You remember, Florida, right? Land of the hanging chad? A state in which a margin of several hundred votes could determine the outcome of a presidential election — that is, of course, if the U.S. Supreme Court allows the votes to be counted.

ThinkProgress’ Judd Legum today has a disturbing report from the Sunshine State:

According to the Broward County Supervisor of Elections, eligible voters will be removed from the voting rolls as a result of the massive voter purge ordered by Governor Rick Scott. “It will happen,” Mary Cooney, a spokeswoman for the Broward County Supervisor of Elections, told ThinkProgress.


That process produced a massive list of 182,000 names, which [then Secretary of State Kurt] Browning considered unreliable. The Fair Elections Legal Network, which is challenging the purge, noted that database matching is “notoriously unreliable” and “data entry errors, similar-sounding names, and changing information can all produce false matches.” Further, some voters may have naturalized since their driver’s license information was collected.

Legum’s report features a letter sent to one registered voter, Maureen Russo, by the Broward County elections supervisor, alleging that she is not a U.S. citizen. The burden of proof, Legum writes, is on the letter’s recipient. From ThinkProgress:

In Broward County 259 people recieved letters just like the one addressed to Maureen above, according to the Broward County Supervisor of Elections. So far only 7 (including Maureen) have responded to the ominous and legalistic letter. Five of the responses included proof of citizenship.

If the other 252 people don’t respond within 30 of recieving the letter — a deadline that is rapidly approaching — they will be summarily removed from the voting roles.

In state after state, right-wing Republicans are seeking to pare the voter rolls by any means necessary. In high-turnout elections, Republicans tend to fare less well, especially when turnout includes sizable percentages of racial and ethnic minority groups.

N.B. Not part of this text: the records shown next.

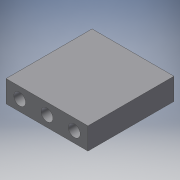
# Autodesk Inventor part: cycloid_base_bottom
Saved by Autodesk Inventor 2019.4 (Build 234330000, 330)
## iProperties
Created: 2019-08-28
Part Number: cycloid_base_bottom
Material: Generic
Document SubType Name: Modeling
Designer: cdi
Density: 1 g/cm^3
Appearance: Default
Author: cdi
Autodesk Inventor part; units mm, degrees
ref_plane "YZ Plane" through (0, 0, 0) normal (1, 0, 0) x (0, 1, 0)
ref_plane "XZ Plane" through (0, 0, 0) normal (0, 1, 0) x (-1, 0, 0)
ref_plane "XY Plane" through (0, 0, 0) normal (0, 0, 1) x (1, 0, 0)
sketch "Sketch1" plane through (0, 0, 0) normal (0, 0, 1) x (1, 0, 0)
  line L0 (-15, -4) -> (15, -4)
  line L1 (15, -4) -> (15, 4)
  line L2 (15, 4) -> (-15, 4)
  line L3 (-15, 4) -> (-15, -4)
  line L4 (-15, -4) -> (15, 4) construction
  line L5 (15, -4) -> (-15, 4) construction
  point P0 (0, 0)
  dimension "d0" = 8
  dimension "d1" = 30
  constraints: 12 end point, 2 midpoint, 2 parallel, 1 horizontal, 1 perpendicular
  measures "d0" distance of L0.end L1.end
  measures "d1" distance of L1.end L2.end
extrude "Extrusion1" add sketch "Sketch1" along normal blind 15.75 and the other way blind 15.75
sketch "Sketch2" plane through (0, 0, 15.75) normal (0, 0, 1) x (1, 0, 0)
  circle A0 centre (0, 0) radius 1.5
  dimension "d4" = 3
  constraints: 1 centre point, 1 coincident
  measures "d4" diameter of A0
hole "Hole1" at (0, 0, 15.75) direction (0, 0, -1) diameter 3.88 depth 7 countersink diameter 4.34 countersink angle 7
pattern_linear "Rectangular Pattern1" count 2 spacing 10 along (-1, 0, 0) count 2 spacing 10 along (1, 0, 0) of "Hole1"
mirror "Mirror1" about plane through (0, 0, 0) normal (0, 0, 1) of "Hole1", "Rectangular Pattern1"
body "Solid1"
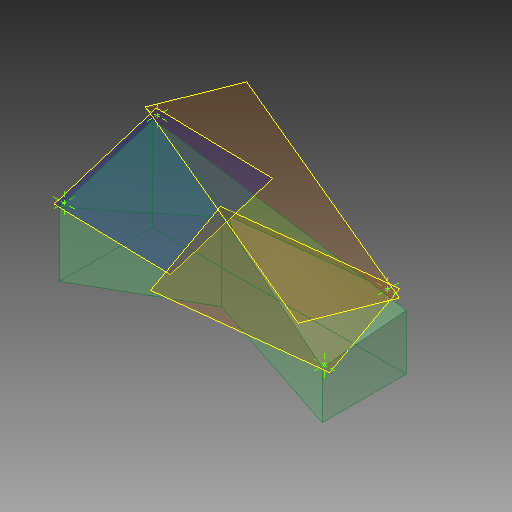
# Autodesk Inventor part: wall
Saved by Autodesk Inventor 2018.1 (Build 221171000, 171)
## iProperties
Created: 2017-10-14
Part Number: wall
Material: 一般
Document SubType Name: Modeling
Designer: formula
Density: 1 g/cm^3
Appearance: クリア - 緑 1
Author: formula
Autodesk Inventor part; units mm, degrees
ref_plane "YZ Plane" through (0, 0, 0) normal (1, 0, 0) x (0, 1, 0)
ref_plane "XZ Plane" through (0, 0, 0) normal (0, 1, 0) x (-1, 0, 0)
ref_plane "XY Plane" through (0, 0, 0) normal (0, 0, 1) x (1, 0, 0)
sketch "スケッチ5" plane through (0, 0, 0) normal (0, 1, 0) x (-1, 0, 0)
  line L0 (-559.0798, 16.0883) -> (-559.0798, -283.3342)
  line L1 (-559.0798, -283.3342) -> (344.6263, -283.3342)
  line L2 (344.6263, -283.3342) -> (344.6263, 47.8084)
  line L3 (-559.0798, 16.0883) -> (-22.4967, -162.5803)
  line L4 (-22.4967, -162.5803) -> (344.6263, 47.8084)
  point P0 (0, 0)
  constraints: 10 end point, 2 vertical, 1 perpendicular
extrude "押し出し5" add sketch "スケッチ5" along normal blind 360
sketch3d "3D スケッチ1"
ref_plane "作業平面1" through (557.1342, 171.5665, 5.3514) normal (0.1727, 0.9812, 0.0862) x (-0.2514, 0.1285, -0.9593)
ref_plane "作業平面4" through (-344.5976, 233.5337, 31.5954) normal (-0.0442, -0.9544, -0.2952) x (-0.0031, 0.2956, -0.9553)
ref_plane "作業平面5" through (-345.6786, 336.3426, -300.6801) normal (0.1489, 0.9888, -0.0028) x (0.9391, -0.1406, 0.3137)
sketch "スケッチ6" plane through (557.1342, 171.5665, 5.3514) normal (0.1727, 0.9812, 0.0862) x (-0.2514, 0.1285, -0.9593)
  line L0 (-514.7241, -766.6326) -> (967.6123, -766.6326)
  line L1 (967.6123, -766.6326) -> (967.6123, 1684.2947)
  line L2 (967.6123, 1684.2947) -> (-514.7241, 1684.2947)
  line L3 (-514.7241, 1684.2947) -> (-514.7241, -766.6326)
  point P0 (123.1359, 504.4343)
  constraints: 8 end point, 2 parallel, 1 horizontal, 1 perpendicular
sketch "スケッチ7" plane through (-345.6786, 336.3426, -300.6801) normal (0.1489, 0.9888, -0.0028) x (0.9391, -0.1406, 0.3137)
  line L0 (2221.5026, -667.2238) -> (-1676.0607, -667.2238)
  line L1 (-1676.0607, -667.2238) -> (-1676.0607, 746.6169)
  line L2 (-1676.0607, 746.6169) -> (2221.5026, 746.6169)
  line L3 (2221.5026, 746.6169) -> (2221.5026, -667.2238)
  point P0 (466.2154, -161.8023)
  constraints: 8 end point, 2 parallel, 1 horizontal, 1 perpendicular
sketch "スケッチ8" plane through (-344.5976, 233.5337, 31.5954) normal (-0.0442, -0.9544, -0.2952) x (-0.0031, 0.2956, -0.9553)
  line L0 (-1292.5456, 2575.2008) -> (1231.0674, 2575.2008)
  line L1 (1231.0674, 2575.2008) -> (1231.0674, -1866.358)
  line L2 (1231.0674, -1866.358) -> (-1292.5456, -1866.358)
  line L3 (-1292.5456, -1866.358) -> (-1292.5456, 2575.2008)
  point P0 (-39.9159, 354.4214)
  constraints: 8 end point, 2 parallel, 1 horizontal, 1 perpendicular
extrude "押し出し6" cut sketch "スケッチ7" along normal blind 360
extrude "押し出し7" cut sketch "スケッチ8" against normal blind 360
extrude "押し出し8" cut sketch "スケッチ6" along normal blind 360

Just last month, the 9th Circuit Court of Appeals struck down those portions of Arizona’s draconian voter law that would have required proof of citizenship to be produced during the voter registration process, which would have all but ended the sort of voter registration drives undertaken at the grassroots level (often in shopping mall parking lots, urban streets, sporting events and the like). I mean, who walks around with her birth certificate in her pocketbook? (Regrettably, the court upheld the portion of the law that requires voters to produce a state-issued photo ID at the polls.)

So when you hear activists fuming about right-wing efforts, such as those by the American Legislative Exchange Council, to suppress voter turnout, know that they’re not exaggerating. And, if current polls hold up, the 2012 presidential race promises to be a close one. You can call that fact the Hokey Pokey, because that’s what it’s all about.